━━━━━ GIVEN ENTRIES

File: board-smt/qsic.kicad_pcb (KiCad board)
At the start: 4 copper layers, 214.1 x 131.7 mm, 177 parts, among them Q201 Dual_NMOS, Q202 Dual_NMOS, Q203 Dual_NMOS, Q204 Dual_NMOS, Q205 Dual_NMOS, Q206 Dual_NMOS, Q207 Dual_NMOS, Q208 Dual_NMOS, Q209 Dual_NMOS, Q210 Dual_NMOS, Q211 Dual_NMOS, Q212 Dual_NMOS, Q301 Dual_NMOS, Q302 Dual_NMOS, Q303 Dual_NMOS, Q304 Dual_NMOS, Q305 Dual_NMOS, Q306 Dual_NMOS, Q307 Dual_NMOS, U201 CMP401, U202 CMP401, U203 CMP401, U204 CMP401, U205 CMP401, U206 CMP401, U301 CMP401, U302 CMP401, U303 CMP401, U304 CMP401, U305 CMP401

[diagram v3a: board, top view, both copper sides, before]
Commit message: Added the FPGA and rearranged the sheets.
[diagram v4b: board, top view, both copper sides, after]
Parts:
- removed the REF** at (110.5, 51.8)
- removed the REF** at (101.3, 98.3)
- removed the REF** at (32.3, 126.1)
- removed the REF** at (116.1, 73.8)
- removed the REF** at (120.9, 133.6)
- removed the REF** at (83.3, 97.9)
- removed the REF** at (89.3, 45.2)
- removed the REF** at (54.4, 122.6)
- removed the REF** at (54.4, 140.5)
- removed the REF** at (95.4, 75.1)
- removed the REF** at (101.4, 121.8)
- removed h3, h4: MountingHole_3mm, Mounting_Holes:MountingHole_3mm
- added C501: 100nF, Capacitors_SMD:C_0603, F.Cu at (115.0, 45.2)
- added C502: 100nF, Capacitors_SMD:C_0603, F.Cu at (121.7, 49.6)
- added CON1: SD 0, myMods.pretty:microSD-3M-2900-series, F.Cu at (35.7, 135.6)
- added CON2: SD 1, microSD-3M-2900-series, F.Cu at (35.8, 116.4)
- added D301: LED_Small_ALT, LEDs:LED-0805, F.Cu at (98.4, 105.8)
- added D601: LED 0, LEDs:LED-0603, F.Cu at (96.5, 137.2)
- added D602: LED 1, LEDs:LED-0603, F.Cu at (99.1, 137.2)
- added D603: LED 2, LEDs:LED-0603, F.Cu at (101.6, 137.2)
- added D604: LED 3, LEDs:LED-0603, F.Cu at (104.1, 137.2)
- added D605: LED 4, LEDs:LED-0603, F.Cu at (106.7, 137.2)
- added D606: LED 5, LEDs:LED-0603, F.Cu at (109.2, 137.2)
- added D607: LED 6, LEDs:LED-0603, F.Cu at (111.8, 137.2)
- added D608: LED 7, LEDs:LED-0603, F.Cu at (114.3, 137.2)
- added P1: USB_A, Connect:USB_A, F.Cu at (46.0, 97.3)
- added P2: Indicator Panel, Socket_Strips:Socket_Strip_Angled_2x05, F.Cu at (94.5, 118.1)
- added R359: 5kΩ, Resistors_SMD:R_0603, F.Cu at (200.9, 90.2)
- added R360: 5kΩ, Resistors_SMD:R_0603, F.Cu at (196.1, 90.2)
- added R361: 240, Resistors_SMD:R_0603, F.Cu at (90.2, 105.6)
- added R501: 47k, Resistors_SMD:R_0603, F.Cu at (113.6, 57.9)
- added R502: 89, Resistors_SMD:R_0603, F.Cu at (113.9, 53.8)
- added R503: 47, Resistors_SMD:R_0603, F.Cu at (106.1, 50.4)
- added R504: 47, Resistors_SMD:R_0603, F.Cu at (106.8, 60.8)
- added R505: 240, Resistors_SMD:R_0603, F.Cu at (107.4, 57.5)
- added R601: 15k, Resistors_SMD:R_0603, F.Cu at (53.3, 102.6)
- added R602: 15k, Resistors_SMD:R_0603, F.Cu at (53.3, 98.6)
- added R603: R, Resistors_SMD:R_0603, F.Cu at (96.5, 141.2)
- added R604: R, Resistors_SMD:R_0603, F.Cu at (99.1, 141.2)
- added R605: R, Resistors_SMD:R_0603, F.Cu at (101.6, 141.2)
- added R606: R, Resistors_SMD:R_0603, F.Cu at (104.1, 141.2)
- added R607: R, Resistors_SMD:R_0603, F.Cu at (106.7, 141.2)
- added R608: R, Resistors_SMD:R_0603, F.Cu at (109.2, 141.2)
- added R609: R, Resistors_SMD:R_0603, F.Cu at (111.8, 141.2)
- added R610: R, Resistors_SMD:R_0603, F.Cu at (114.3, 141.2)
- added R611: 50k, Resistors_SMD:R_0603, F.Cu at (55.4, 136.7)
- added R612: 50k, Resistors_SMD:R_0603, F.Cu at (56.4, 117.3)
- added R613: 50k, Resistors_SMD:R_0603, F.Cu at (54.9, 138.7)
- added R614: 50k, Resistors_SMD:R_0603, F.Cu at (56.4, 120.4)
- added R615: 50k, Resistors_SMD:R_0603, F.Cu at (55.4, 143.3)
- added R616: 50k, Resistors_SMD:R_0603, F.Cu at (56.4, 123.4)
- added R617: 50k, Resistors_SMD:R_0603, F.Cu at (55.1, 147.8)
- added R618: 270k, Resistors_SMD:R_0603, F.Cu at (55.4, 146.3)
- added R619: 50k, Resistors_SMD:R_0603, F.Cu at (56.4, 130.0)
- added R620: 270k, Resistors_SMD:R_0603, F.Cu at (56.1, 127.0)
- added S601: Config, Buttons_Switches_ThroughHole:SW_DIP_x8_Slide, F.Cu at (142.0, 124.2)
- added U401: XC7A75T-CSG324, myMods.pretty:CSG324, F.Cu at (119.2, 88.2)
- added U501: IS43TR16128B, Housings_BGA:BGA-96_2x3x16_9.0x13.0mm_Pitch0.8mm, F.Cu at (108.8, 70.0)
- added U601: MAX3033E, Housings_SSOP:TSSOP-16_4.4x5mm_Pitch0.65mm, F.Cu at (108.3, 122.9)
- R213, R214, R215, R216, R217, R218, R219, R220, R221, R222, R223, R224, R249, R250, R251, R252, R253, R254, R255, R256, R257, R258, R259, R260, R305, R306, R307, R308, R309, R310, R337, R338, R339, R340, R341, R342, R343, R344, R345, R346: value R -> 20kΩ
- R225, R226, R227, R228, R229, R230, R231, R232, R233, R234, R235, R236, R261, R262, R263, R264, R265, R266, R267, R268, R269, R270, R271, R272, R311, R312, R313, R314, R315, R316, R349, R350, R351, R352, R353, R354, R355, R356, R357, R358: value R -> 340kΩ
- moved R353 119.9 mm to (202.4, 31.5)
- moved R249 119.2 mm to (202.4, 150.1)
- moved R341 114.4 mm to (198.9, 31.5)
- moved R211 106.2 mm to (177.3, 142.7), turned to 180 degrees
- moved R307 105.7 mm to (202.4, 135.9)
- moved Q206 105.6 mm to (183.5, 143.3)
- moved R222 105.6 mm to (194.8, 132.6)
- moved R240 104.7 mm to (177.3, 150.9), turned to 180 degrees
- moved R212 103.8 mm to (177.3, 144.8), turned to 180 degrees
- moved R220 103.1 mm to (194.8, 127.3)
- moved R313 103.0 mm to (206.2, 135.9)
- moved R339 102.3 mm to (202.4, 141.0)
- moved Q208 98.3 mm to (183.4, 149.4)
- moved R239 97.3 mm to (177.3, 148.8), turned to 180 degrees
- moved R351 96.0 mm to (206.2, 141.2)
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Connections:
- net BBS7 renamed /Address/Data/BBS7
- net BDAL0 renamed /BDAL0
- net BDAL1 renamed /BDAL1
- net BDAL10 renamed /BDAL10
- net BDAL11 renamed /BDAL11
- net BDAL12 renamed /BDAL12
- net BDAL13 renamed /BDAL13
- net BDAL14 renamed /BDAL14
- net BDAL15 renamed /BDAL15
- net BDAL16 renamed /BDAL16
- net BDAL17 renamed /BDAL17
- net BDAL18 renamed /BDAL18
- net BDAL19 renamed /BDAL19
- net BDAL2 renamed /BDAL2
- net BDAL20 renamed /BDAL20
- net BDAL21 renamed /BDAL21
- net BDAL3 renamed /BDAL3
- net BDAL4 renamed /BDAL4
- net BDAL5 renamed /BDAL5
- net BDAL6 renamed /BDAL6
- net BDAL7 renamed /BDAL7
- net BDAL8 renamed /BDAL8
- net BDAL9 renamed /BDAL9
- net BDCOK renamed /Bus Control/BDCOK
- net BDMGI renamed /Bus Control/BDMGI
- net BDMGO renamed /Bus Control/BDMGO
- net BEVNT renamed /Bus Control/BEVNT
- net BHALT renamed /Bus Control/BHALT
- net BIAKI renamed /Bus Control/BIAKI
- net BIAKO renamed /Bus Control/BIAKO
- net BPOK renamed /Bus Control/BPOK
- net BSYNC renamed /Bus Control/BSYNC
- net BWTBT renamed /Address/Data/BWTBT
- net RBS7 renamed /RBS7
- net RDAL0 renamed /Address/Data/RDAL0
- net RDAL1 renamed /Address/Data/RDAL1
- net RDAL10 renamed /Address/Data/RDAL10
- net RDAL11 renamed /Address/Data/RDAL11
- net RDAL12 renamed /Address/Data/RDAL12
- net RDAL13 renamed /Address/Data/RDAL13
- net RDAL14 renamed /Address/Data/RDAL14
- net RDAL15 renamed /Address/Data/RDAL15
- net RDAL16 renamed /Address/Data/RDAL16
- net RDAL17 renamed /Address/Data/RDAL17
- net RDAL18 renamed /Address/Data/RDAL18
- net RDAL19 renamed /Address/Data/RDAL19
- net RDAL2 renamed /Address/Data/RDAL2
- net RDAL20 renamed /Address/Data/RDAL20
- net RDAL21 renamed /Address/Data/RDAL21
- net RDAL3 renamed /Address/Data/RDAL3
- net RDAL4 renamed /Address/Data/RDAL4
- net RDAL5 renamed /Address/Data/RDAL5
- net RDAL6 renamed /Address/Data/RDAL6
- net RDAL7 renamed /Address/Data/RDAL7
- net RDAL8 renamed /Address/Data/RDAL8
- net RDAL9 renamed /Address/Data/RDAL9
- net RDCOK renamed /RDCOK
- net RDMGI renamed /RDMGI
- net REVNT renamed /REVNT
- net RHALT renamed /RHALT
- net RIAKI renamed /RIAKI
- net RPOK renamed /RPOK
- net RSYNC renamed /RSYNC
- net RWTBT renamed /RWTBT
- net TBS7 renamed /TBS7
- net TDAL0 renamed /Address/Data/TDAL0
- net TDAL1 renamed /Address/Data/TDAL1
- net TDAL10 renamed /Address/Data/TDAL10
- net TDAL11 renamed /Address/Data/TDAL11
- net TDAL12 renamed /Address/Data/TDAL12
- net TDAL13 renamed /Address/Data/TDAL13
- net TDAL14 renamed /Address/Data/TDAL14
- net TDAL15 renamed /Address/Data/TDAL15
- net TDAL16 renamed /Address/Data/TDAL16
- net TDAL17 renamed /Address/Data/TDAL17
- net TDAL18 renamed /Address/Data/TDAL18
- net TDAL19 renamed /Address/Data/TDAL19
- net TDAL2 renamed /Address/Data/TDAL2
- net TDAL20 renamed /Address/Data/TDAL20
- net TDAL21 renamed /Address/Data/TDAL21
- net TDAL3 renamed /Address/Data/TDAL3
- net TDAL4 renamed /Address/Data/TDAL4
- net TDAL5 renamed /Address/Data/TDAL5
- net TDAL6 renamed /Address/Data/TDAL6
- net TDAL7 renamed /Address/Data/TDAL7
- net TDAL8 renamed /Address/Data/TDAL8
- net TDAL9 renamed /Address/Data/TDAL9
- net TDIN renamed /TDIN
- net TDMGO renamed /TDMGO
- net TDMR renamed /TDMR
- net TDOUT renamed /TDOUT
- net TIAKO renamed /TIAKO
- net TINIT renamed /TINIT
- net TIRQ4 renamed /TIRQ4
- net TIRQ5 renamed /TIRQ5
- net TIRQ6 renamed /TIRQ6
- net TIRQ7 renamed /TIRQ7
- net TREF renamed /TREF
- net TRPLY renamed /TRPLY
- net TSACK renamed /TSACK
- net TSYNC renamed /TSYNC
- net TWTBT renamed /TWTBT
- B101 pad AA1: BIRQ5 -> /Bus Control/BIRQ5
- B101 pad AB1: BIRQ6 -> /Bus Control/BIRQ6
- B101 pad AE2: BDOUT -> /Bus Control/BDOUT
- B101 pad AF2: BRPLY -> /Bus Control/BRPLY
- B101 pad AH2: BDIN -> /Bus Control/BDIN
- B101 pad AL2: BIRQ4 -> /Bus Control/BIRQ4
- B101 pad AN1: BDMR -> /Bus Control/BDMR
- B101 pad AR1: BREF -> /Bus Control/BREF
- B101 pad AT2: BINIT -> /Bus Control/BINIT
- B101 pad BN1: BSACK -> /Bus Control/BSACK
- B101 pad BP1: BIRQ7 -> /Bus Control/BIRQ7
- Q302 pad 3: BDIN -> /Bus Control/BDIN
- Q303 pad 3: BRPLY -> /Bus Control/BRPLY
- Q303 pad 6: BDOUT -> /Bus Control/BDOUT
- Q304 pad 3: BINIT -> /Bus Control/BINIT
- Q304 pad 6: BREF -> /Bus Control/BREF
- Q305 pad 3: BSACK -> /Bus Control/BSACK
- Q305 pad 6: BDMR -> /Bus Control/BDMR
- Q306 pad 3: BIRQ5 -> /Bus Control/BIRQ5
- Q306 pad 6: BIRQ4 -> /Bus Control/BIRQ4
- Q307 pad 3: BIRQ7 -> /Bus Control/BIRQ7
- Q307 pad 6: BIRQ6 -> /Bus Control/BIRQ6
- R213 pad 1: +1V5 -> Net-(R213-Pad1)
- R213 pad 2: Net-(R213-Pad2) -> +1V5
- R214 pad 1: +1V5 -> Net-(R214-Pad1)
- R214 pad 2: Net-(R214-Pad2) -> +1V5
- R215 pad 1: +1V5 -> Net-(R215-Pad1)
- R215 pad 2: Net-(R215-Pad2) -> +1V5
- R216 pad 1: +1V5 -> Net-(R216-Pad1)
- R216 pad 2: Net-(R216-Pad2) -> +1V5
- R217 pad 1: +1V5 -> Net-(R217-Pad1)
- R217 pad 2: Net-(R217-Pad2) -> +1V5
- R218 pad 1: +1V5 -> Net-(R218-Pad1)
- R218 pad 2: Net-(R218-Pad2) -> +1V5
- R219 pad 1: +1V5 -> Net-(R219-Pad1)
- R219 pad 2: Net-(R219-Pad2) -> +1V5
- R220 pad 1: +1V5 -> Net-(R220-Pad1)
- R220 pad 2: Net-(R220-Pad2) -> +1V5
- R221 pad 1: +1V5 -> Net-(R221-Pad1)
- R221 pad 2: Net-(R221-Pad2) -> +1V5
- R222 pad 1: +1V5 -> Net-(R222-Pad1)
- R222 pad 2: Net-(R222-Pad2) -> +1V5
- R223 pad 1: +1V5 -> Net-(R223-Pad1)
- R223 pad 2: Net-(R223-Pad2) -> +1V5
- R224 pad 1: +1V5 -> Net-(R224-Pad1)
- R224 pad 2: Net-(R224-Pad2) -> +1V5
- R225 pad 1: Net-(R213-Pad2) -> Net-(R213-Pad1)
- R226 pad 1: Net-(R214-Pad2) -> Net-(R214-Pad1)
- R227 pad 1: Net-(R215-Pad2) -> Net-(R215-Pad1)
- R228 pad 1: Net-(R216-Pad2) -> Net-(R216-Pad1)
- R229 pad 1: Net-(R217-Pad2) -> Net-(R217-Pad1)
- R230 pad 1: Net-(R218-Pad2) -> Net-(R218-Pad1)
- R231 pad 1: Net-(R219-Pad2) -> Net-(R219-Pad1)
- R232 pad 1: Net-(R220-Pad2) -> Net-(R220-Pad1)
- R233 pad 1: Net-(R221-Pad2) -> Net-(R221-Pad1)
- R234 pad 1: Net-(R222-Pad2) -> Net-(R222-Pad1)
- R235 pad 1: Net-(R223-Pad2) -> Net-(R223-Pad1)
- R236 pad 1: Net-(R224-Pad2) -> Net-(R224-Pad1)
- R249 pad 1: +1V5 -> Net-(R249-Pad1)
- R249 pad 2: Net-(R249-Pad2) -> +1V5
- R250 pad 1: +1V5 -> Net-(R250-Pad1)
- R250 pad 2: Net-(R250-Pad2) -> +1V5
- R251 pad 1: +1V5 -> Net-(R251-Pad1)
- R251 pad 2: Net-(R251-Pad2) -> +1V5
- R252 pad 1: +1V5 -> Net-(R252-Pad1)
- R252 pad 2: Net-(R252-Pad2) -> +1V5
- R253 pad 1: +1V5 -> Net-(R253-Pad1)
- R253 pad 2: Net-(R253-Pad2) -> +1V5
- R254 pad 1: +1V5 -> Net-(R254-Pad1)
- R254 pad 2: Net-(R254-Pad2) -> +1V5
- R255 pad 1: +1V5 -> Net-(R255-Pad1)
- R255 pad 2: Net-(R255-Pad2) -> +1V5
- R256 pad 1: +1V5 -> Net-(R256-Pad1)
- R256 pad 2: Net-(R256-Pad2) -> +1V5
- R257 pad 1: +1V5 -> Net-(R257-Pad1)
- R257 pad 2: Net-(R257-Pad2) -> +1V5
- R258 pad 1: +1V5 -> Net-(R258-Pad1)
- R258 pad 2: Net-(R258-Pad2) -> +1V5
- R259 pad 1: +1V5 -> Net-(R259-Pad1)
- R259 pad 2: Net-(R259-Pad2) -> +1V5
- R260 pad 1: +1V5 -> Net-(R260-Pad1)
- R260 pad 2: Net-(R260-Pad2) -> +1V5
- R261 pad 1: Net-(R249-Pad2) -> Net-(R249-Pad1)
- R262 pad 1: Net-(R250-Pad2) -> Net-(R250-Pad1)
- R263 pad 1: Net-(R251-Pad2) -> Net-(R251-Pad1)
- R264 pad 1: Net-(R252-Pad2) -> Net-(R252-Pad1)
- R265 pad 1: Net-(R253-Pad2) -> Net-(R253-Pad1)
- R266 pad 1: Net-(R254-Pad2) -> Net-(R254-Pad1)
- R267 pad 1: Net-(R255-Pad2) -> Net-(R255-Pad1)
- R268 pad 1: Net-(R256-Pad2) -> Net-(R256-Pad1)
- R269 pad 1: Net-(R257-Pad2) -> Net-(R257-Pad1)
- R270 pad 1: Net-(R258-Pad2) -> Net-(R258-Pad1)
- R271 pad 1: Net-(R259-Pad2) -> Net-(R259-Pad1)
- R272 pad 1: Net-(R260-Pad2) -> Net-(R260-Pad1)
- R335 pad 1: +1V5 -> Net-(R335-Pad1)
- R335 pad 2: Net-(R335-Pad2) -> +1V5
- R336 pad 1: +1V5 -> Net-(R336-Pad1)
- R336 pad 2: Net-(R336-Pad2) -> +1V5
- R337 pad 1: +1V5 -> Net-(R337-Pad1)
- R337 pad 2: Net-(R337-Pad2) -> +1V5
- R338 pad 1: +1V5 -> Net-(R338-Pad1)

━━━━━━━━━━

* _EXERCISE DETAILS_: Could you restate word for word the lines above, from the one that contains "- added D604: LED" through the one that contains "- added D608: LED", and no others?

* _EXERCISE RESULT_:
- added D604: LED 3, LEDs:LED-0603, F.Cu at (104.1, 137.2)
- added D605: LED 4, LEDs:LED-0603, F.Cu at (106.7, 137.2)
- added D606: LED 5, LEDs:LED-0603, F.Cu at (109.2, 137.2)
- added D607: LED 6, LEDs:LED-0603, F.Cu at (111.8, 137.2)
- added D608: LED 7, LEDs:LED-0603, F.Cu at (114.3, 137.2)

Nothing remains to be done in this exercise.